Nació en Kiskörös (provin­cia de Pest) el 1.° de enero de 1823, de padres de pobre condición y de origen es­lovaco y murió en el campo de batalla de Segesvar el 31 de julio de 1849. Ya su padre, nacido y criado en un ambiente campesino puramente magiar, y que había borrado en él toda huella espiritual de sus antepasados, se mostraba orgulloso de su nacionalidad húngara y era férvido patriota.
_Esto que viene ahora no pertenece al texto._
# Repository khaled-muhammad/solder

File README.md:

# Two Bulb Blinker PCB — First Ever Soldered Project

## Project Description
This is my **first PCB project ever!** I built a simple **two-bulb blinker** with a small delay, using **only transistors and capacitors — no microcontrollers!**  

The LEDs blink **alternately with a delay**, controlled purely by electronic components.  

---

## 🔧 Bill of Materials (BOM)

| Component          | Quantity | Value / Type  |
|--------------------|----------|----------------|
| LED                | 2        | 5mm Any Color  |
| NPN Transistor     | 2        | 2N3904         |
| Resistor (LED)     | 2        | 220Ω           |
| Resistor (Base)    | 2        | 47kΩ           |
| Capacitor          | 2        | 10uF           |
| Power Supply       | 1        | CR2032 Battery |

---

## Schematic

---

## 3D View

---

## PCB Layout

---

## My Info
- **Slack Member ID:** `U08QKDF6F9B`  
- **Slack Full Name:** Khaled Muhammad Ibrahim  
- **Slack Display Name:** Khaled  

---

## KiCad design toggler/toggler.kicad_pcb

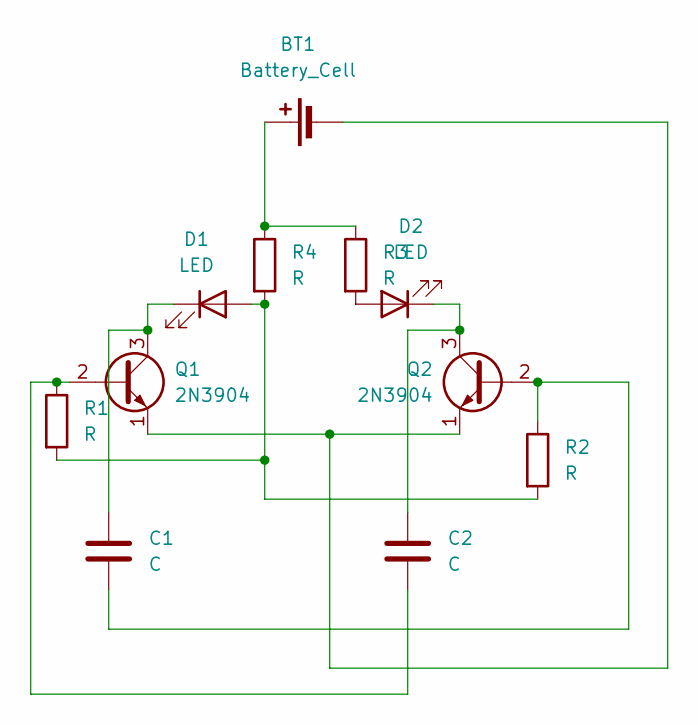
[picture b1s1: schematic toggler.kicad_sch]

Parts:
BT1: Battery_Cell; BatteryHolder_Keystone_3034_1x20mm
C1, C2: C; CP_Radial_D8.0mm_P5.00mm
D1, D2: LED; LED_D5.0mm
Q1, Q2: 2N3904; TO-92_Inline
R1, R2, R3, R4: R; R_Axial_DIN0207_L6.3mm_D2.5mm_P7.62mm_Horizontal

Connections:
unnamed: BT1.1 (+), R3.1, R4.1
unnamed: BT1.2 (-), Q1.1 (E), Q2.1 (E)
unnamed: D1.2 (A), R1.2, R2.2, R4.2
unnamed: C1.1, D1.1 (K), Q1.3 (C)
unnamed: D2.2 (A), R3.2
unnamed: C2.1, D2.1 (K), Q2.3 (C)
unnamed: C2.2, Q1.2 (B), R1.1
unnamed: C1.2, Q2.2 (B), R2.1

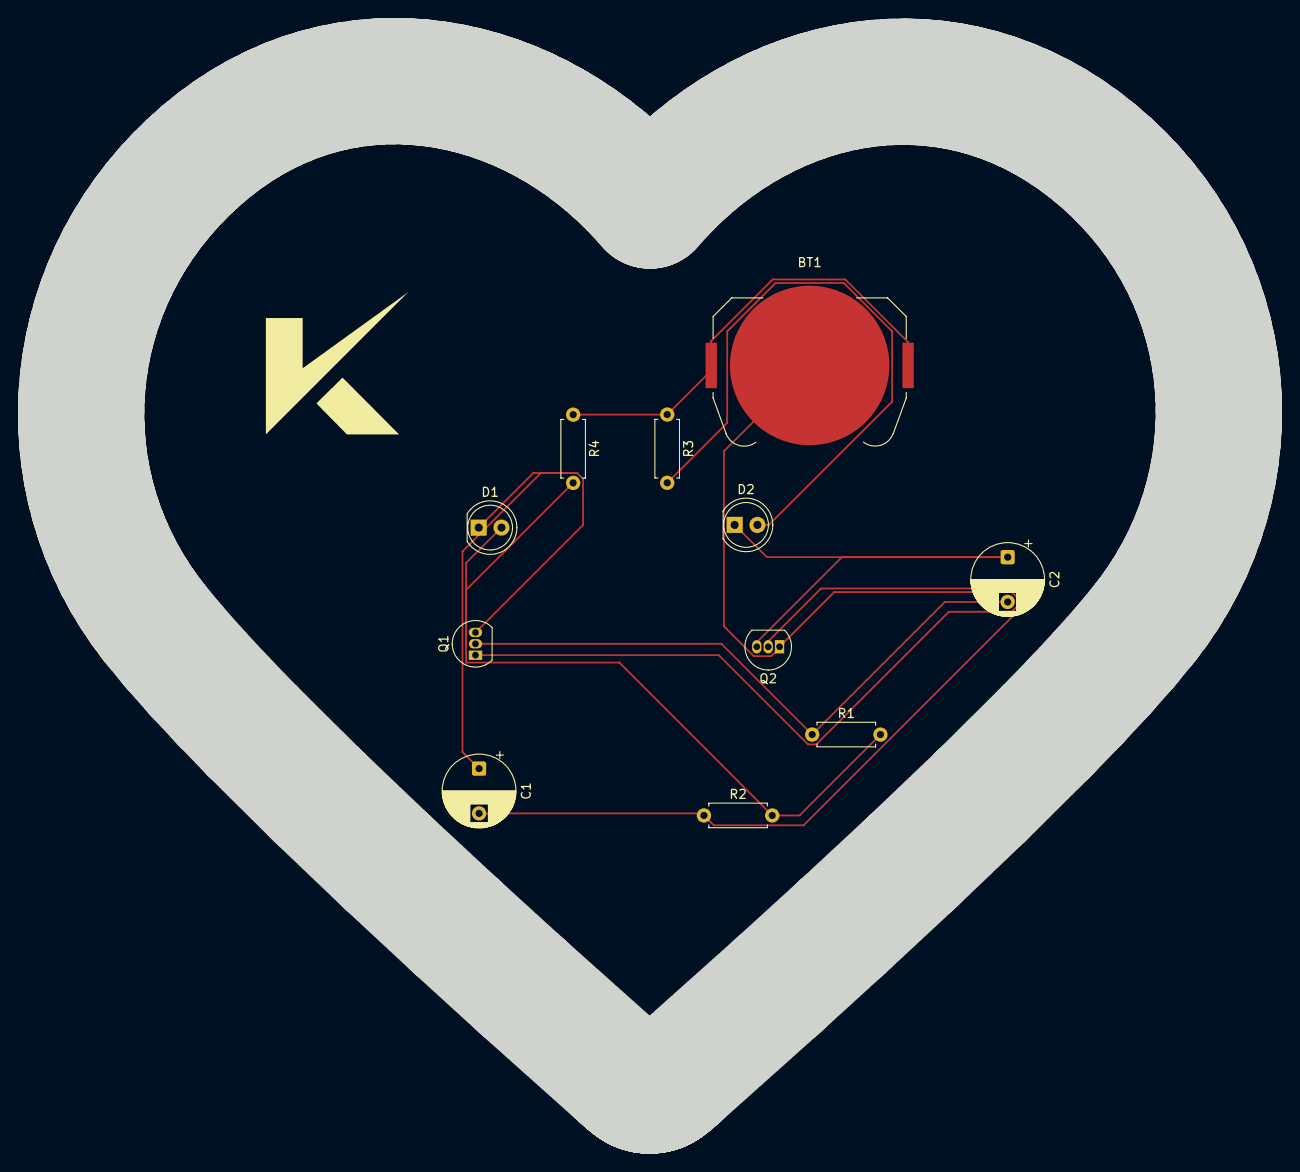
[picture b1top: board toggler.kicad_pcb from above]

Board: 2 copper layers, 127.0 x 112.7 mm, 11 parts (0 on the bottom side), 8 nets.

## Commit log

2025-06-25 Project files

El ardiente nacionalismo del poeta, así como su fogosidad, obstinación e inquietud, eran heren­cia paterna, que se conciliaban bien con un temperamento fácilmente inflamable, un fuerte sentido de la realidad, la ausencia de toda inclinación hacia lo místico y lo abstracto, la integridad moral y las dotes de humorismo, todas ellas notas sobresa­lientes de su carácter, que compartía con la gente del pueblo, de la que se iba a con­vertir en la expresión poética más genuina y perfecta. Su padre, que trabajaba de car­nicero, cambiaba a menudo de residencia, y así pasó el joven Petöfi los diez años de estu­dios en seis escuelas distintas, sin sobresalir en ninguna por su aplicación.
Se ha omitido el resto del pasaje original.